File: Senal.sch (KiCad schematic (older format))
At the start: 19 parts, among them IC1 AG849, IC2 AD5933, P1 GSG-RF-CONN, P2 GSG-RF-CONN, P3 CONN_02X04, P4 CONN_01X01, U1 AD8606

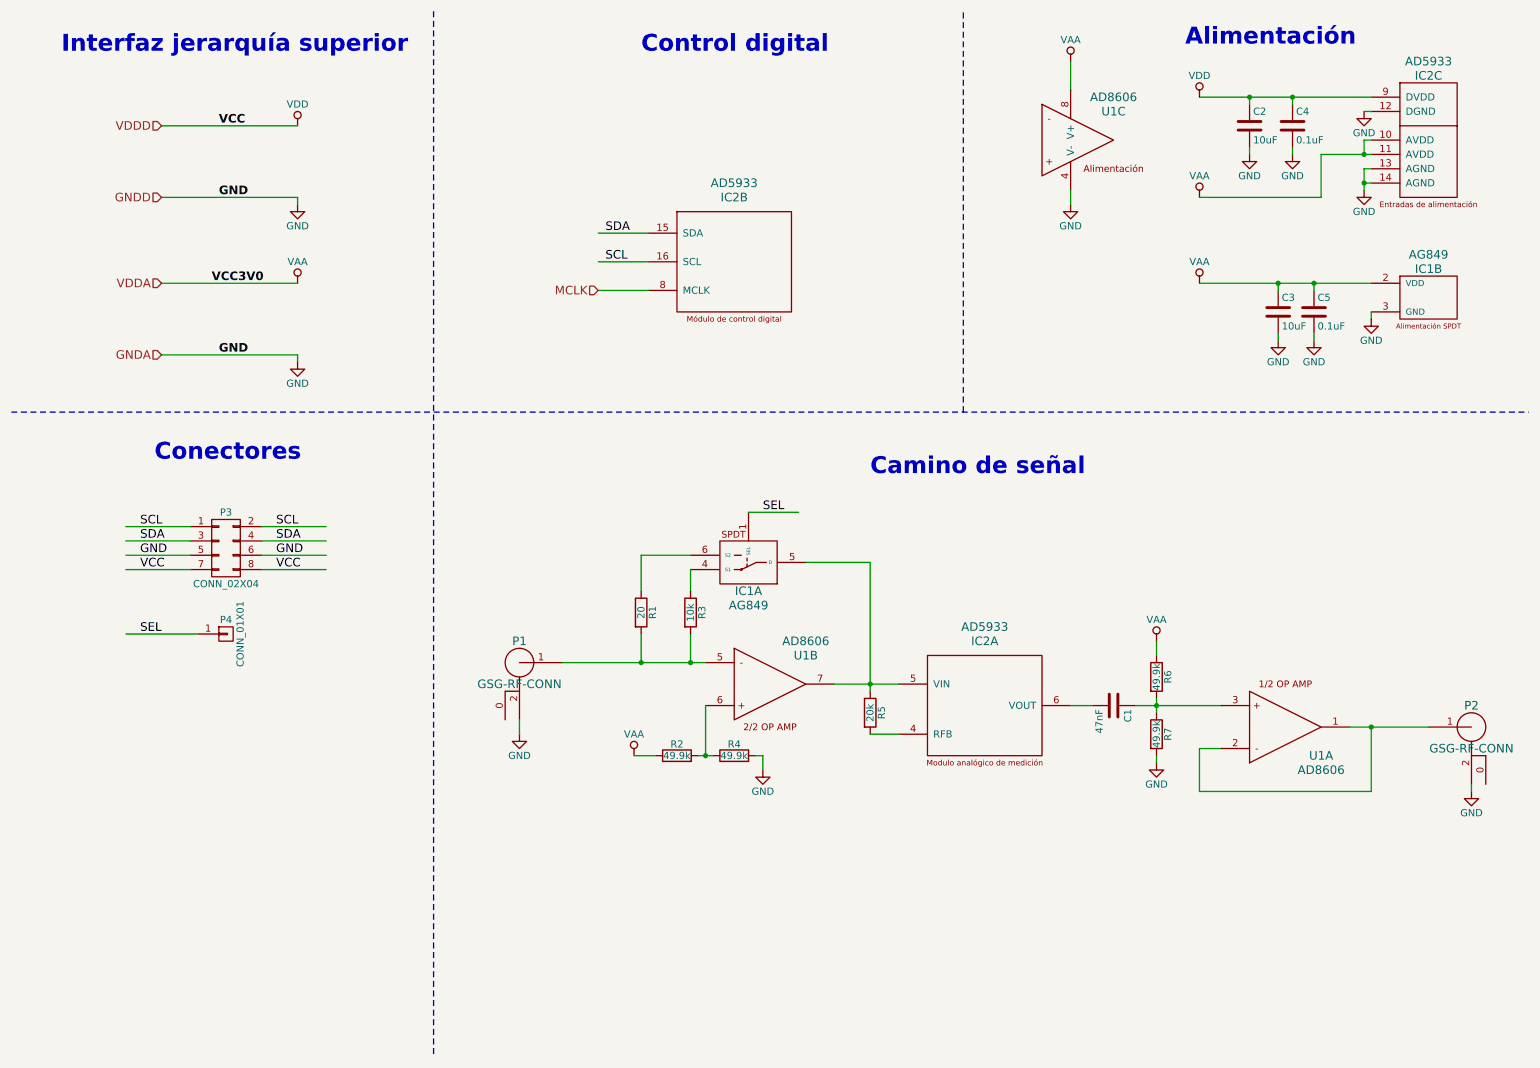
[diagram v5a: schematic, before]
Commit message: Footprints creados y linkeados. Listo para proceder al PCB. Todas las DRC dan OK
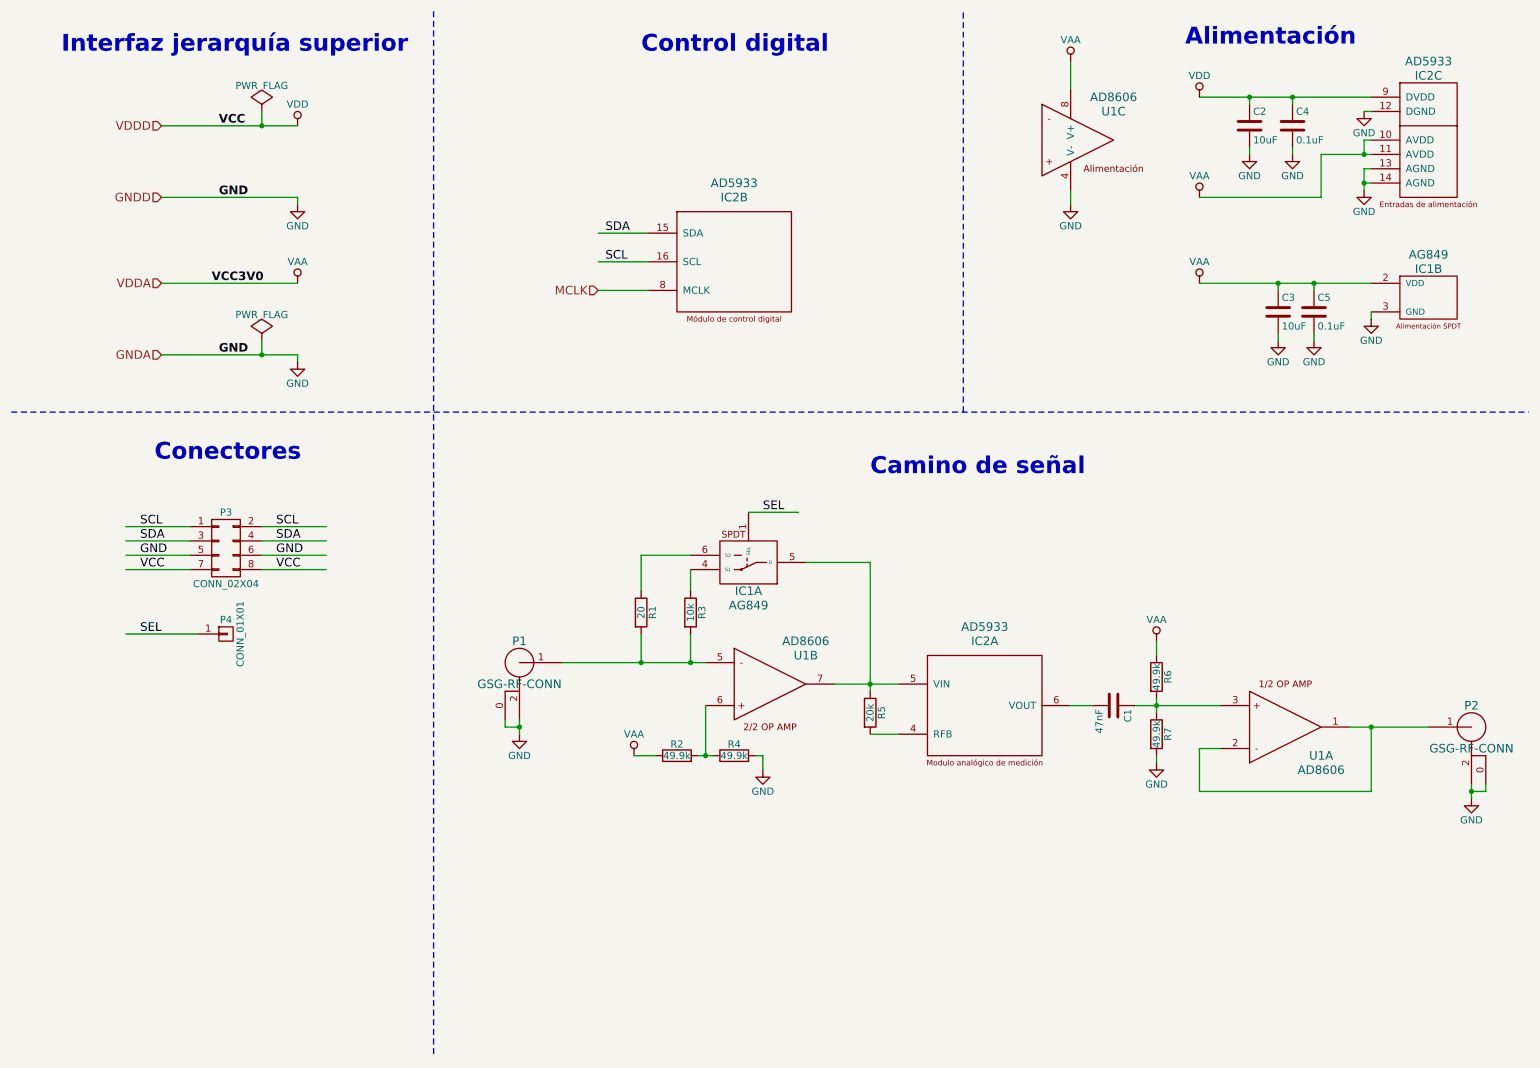
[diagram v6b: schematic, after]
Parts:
- C1, C2, C3, C4, C5: footprint (none) -> Capacitors_SMD:C_0805
- IC1: footprint (none) -> TO_SOT_Packages_SMD:SC-70-6
- IC2: footprint (none) -> Housings_SSOP:SSOP-16_5.3x6.2mm_Pitch0.65mm
- P1, P2: footprint (none) -> SMA_EDGE:SMA_EDGE
- P3: footprint (none) -> Pin_Headers:Pin_Header_Straight_2x04
- P4: footprint (none) -> Pin_Headers:Pin_Header_Straight_1x01
- R1, R2, R3, R4, R5, R6, R7: footprint (none) -> Resistors_SMD:R_0805
- U1: footprint (none) -> Housings_SSOP:MSOP-8_3x3mm_Pitch0.65mm
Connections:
- wire segments 68 -> 74
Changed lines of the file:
@@
 LIBS:PMOD_IA
 LIBS:SMA
+LIBS:sma2
 LIBS:proyectoDCI-cache
 EELAYER 25 0
@@
 F 0 "IC2" H 10450 1850 60  0000 C CNN
 F 1 "AD5933" H 10450 1950 60  0000 C CNN
-F 2 "" H 10450 1400 60  0001 C CNN
+F 2 "Housings_SSOP:SSOP-16_5.3x6.2mm_Pitch0.65mm" H 10450 1400 60  0001 C CNN
 F 3 "" H 10450 1400 60  0001 C CNN
 	3    10450 1400
@@
 F 0 "C2" H 9225 1400 50  0000 L CNN
 F 1 "10uF" H 9225 1200 50  0000 L CNN
-F 2 "" H 9238 1150 50  0000 C CNN
+F 2 "Capacitors_SMD:C_0805" H 9238 1150 50  0001 C CNN
 F 3 "" H 9200 1300 50  0000 C CNN
 	1    9200 1300
@@
 F 0 "C4" H 9525 1400 50  0000 L CNN
 F 1 "0.1uF" H 9525 1200 50  0000 L CNN
-F 2 "" H 9538 1150 50  0000 C CNN
+F 2 "Capacitors_SMD:C_0805" H 9538 1150 50  0001 C CNN
 F 3 "" H 9500 1300 50  0000 C CNN
 	1    9500 1300
@@
 F 0 "IC2" H 5600 2700 60  0000 C CNN
 F 1 "AD5933" H 5600 2800 60  0000 C CNN
-F 2 "" H 5600 2250 60  0001 C CNN
+F 2 "Housings_SSOP:SSOP-16_5.3x6.2mm_Pitch0.65mm" H 5600 2250 60  0001 C CNN
 F 3 "" H 5600 2250 60  0001 C CNN
 	2    5600 2250
@@
 F 0 "IC2" H 7350 5800 60  0000 C CNN
 F 1 "AD5933" H 7350 5900 60  0000 C CNN
-F 2 "" H 7350 5350 60  0001 C CNN
+F 2 "Housings_SSOP:SSOP-16_5.3x6.2mm_Pitch0.65mm" H 7350 5350 60  0001 C CNN
 F 3 "" H 7350 5350 60  0001 C CNN
 	1    7350 5350
@@
 F 0 "U1" H 8250 1600 60  0000 C CNN
 F 1 "AD8606" H 8250 1700 60  0000 C CNN
-F 2 "" H 8000 1400 60  0001 C CNN
+F 2 "Housings_SSOP:MSOP-8_3x3mm_Pitch0.65mm" H 8000 1400 60  0001 C CNN
 F 3 "" H 8000 1400 60  0001 C CNN
 	3    8000 1400
@@
 F 0 "IC1" H 10450 2700 60  0000 C CNN
 F 1 "AG849" H 10450 2800 60  0000 C CNN
-F 2 "" H 10450 2500 60  0001 C CNN
+F 2 "TO_SOT_Packages_SMD:SC-70-6" H 10450 2500 60  0001 C CNN
 F 3 "" H 10450 2500 60  0001 C CNN
 	2    10450 2500
@@
 F 0 "C3" H 9425 2700 50  0000 L CNN
 F 1 "10uF" H 9425 2500 50  0000 L CNN
-F 2 "" H 9438 2450 50  0000 C CNN
+F 2 "Capacitors_SMD:C_0805" H 9438 2450 50  0001 C CNN
 F 3 "" H 9400 2600 50  0000 C CNN
 	1    9400 2600
@@
 F 0 "C5" H 9675 2700 50  0000 L CNN
 F 1 "0.1uF" H 9675 2500 50  0000 L CNN
-F 2 "" H 9688 2450 50  0000 C CNN
+F 2 "Capacitors_SMD:C_0805" H 9688 2450 50  0001 C CNN
 F 3 "" H 9650 2600 50  0000 C CNN
 	1    9650 2600
@@
 F 0 "U1" H 9700 5700 60  0000 C CNN
 F 1 "AD8606" H 9700 5800 60  0000 C CNN
-F 2 "" H 9450 5500 60  0001 C CNN
+F 2 "Housings_SSOP:MSOP-8_3x3mm_Pitch0.65mm" H 9450 5500 60  0001 C CNN
 F 3 "" H 9450 5500 60  0001 C CNN
 	1    9450 5500
@@
 F 0 "U1" H 6100 5400 60  0000 C CNN
 F 1 "AD8606" H 6100 5500 60  0000 C CNN
-F 2 "" H 5850 5200 60  0001 C CNN
+F 2 "Housings_SSOP:MSOP-8_3x3mm_Pitch0.65mm" H 5850 5200 60  0001 C CNN
 F 3 "" H 5850 5200 60  0001 C CNN
 	2    5850 5200
@@
 F 0 "R5" V 6630 5400 50  0000 C CNN
 F 1 "20k" V 6550 5400 50  0000 C CNN
-F 2 "" V 6480 5400 50  0000 C CNN
+F 2 "Resistors_SMD:R_0805" V 6480 5400 50  0001 C CNN
 F 3 "" H 6550 5400 50  0000 C CNN
 	1    6550 5400
@@
 F 0 "R6" V 8630 5150 50  0000 C CNN
 F 1 "49.9k" V 8550 5150 50  0000 C CNN
-F 2 "" V 8480 5150 50  0000 C CNN
+F 2 "Resistors_SMD:R_0805" V 8480 5150 50  0001 C CNN
 F 3 "" H 8550 5150 50  0000 C CNN
 	1    8550 5150
@@
 F 0 "R7" V 8630 5550 50  0000 C CNN
 F 1 "49.9k" V 8550 5550 50  0000 C CNN
-F 2 "" V 8480 5550 50  0000 C CNN
+F 2 "Resistors_SMD:R_0805" V 8480 5550 50  0001 C CNN
 F 3 "" H 8550 5550 50  0000 C CNN
 	1    8550 5550
@@
 F 0 "C1" H 8275 5450 50  0000 L CNN
 F 1 "47nF" H 8275 5250 50  0000 L CNN
-F 2 "" H 8288 5200 50  0000 C CNN
+F 2 "Capacitors_SMD:C_0805" H 8288 5200 50  0001 C CNN
 F 3 "" H 8250 5350 50  0000 C CNN
 	1    8250 5350
@@
 F 0 "P2" H 10750 5650 60  0000 C CNN
 F 1 "GSG-RF-CONN" H 10750 5350 60  0000 C CNN
-F 2 "" H 10750 5500 60  0000 C CNN
+F 2 "SMA_EDGE:SMA_EDGE" H 10750 5500 60  0001 C CNN
 F 3 "" H 10750 5500 60  0000 C CNN
 	1    10750 5500
@@
 L GND #PWR012
 U 1 1 582FC324
-P 10750 5950
-F 0 "#PWR012" H 10750 5700 50  0001 C CNN
-F 1 "GND" H 10750 5800 50  0000 C CNN
-F 2 "" H 10750 5950 50  0000 C CNN
-F 3 "" H 10750 5950 50  0000 C CNN
-	1    10750 5950
+P 10750 6000
+F 0 "#PWR012" H 10750 5750 50  0001 C CNN
+F 1 "GND" H 10750 5850 50  0000 C CNN
+F 2 "" H 10750 6000 50  0000 C CNN
+F 3 "" H 10750 6000 50  0000 C CNN
+	1    10750 6000
 	1    0    0    -1
 $EndComp
@@
 F 0 "R2" V 5280 5700 50  0000 C CNN
 F 1 "49.9k" V 5200 5700 50  0000 C CNN
-F 2 "" V 5130 5700 50  0000 C CNN
+F 2 "Resistors_SMD:R_0805" V 5130 5700 50  0001 C CNN
 F 3 "" H 5200 5700 50  0000 C CNN
 	1    5200 5700
@@
 F 0 "R4" V 5680 5700 50  0000 C CNN
 F 1 "49.9k" V 5600 5700 50  0000 C CNN
-F 2 "" V 5530 5700 50  0000 C CNN
+F 2 "Resistors_SMD:R_0805" V 5530 5700 50  0001 C CNN
 F 3 "" H 5600 5700 50  0000 C CNN
 	1    5600 5700
@@
 F 0 "P1" H 4100 5200 60  0000 C CNN
 F 1 "GSG-RF-CONN" H 4100 4900 60  0000 C CNN
-F 2 "" H 4100 5050 60  0000 C CNN
+F 2 "SMA_EDGE:SMA_EDGE" H 4100 5050 60  0001 C CNN
 F 3 "" H 4100 5050 60  0000 C CNN
 	1    4100 5050
@@
 F 0 "IC1" H 5700 4550 60  0000 C CNN
 F 1 "AG849" H 5700 4650 60  0000 C CNN
-F 2 "" H 5700 4350 60  0001 C CNN
+F 2 "TO_SOT_Packages_SMD:SC-70-6" H 5700 4350 60  0001 C CNN
 F 3 "" H 5700 4350 60  0001 C CNN
 	1    5700 4350
@@
 F 0 "R3" V 5375 4700 50  0000 C CNN
 F 1 "10k" V 5295 4700 50  0000 C CNN
-F 2 "" V 5225 4700 50  0000 C CNN
+F 2 "Resistors_SMD:R_0805" V 5225 4700 50  0001 C CNN
 F 3 "" H 5295 4700 50  0000 C CNN
 	1    5295 4700
@@
 F 0 "R1" V 5030 4700 50  0000 C CNN
 F 1 "20" V 4950 4700 50  0000 C CNN
-F 2 "" V 4880 4700 50  0000 C CNN
+F 2 "Resistors_SMD:R_0805" V 4880 4700 50  0001 C CNN
 F 3 "" H 4950 4700 50  0000 C CNN
 	1    4950 4700
@@
 Connection ~ 10050 5500
 Wire Wire Line
-	10750 5900 10750 5950
+	10750 5900 10750 6000
 Connection ~ 6550 5200
 Wire Wire Line
@@
 F 0 "P3" H 2050 4500 50  0000 C CNN
 F 1 "CONN_02X04" H 2050 4000 50  0000 C CNN
-F 2 "" H 2050 3050 50  0000 C CNN
+F 2 "Pin_Headers:Pin_Header_Straight_2x04" H 2050 3050 50  0001 C CNN
 F 3 "" H 2050 3050 50  0000 C CNN
 	1    2050 4250
@@
 F 0 "P4" H 2050 4950 50  0000 C CNN
 F 1 "CONN_01X01" V 2150 4850 50  0000 C CNN
-F 2 "" H 2050 4850 50  0000 C CNN
+F 2 "Pin_Headers:Pin_Header_Straight_1x01" H 2050 4850 50  0001 C CNN
 F 3 "" H 2050 4850 50  0000 C CNN
 	1    2050 4850
@@
 Text Notes 1550 3650 0    118  ~ 24
 Conectores
+Wire Wire Line
+	4000 5450 4000 5500
+Wire Wire Line
+	4000 5500 4100 5500
+Connection ~ 4100 5500
+Wire Wire Line
+	10850 5900 10850 5950
+Wire Wire Line
+	10850 5950 10750 5950
+Connection ~ 10750 5950
+$Comp
+L PWR_FLAG #FLG023
+U 1 1 5838713B
+P 2300 1200
+F 0 "#FLG023" H 2300 1295 50  0001 C CNN
+F 1 "PWR_FLAG" H 2300 1380 50  0000 C CNN
+F 2 "" H 2300 1200 50  0000 C CNN
+F 3 "" H 2300 1200 50  0000 C CNN
+	1    2300 1200
+	1    0    0    -1
+$EndComp
+Wire Wire Line
+	2300 1200 2300 1300
+Connection ~ 2300 1300
+$Comp
+L PWR_FLAG #FLG024
+U 1 1 58387656
+P 2300 2800
+F 0 "#FLG024" H 2300 2895 50  0001 C CNN
+F 1 "PWR_FLAG" H 2300 2980 50  0000 C CNN
+F 2 "" H 2300 2800 50  0000 C CNN
+F 3 "" H 2300 2800 50  0000 C CNN
+	1    2300 2800
+	1    0    0    -1
+$EndComp
+Wire Wire Line
+	2300 2800 2300 2900
+Connection ~ 2300 2900
 $EndSCHEMATC

************

Give back the material exactly as written, from its first line to the line that contains "- C1, C2, C3, C4, C5: footprint", and leave out the pictures.

File: Senal.sch (KiCad schematic (older format))
At the start: 19 parts, among them IC1 AG849, IC2 AD5933, P1 GSG-RF-CONN, P2 GSG-RF-CONN, P3 CONN_02X04, P4 CONN_01X01, U1 AD8606

[diagram v5a: schematic, before]
Commit message: Footprints creados y linkeados. Listo para proceder al PCB. Todas las DRC dan OK
[diagram v6b: schematic, after]
Parts:
- C1, C2, C3, C4, C5: footprint (none) -> Capacitors_SMD:C_0805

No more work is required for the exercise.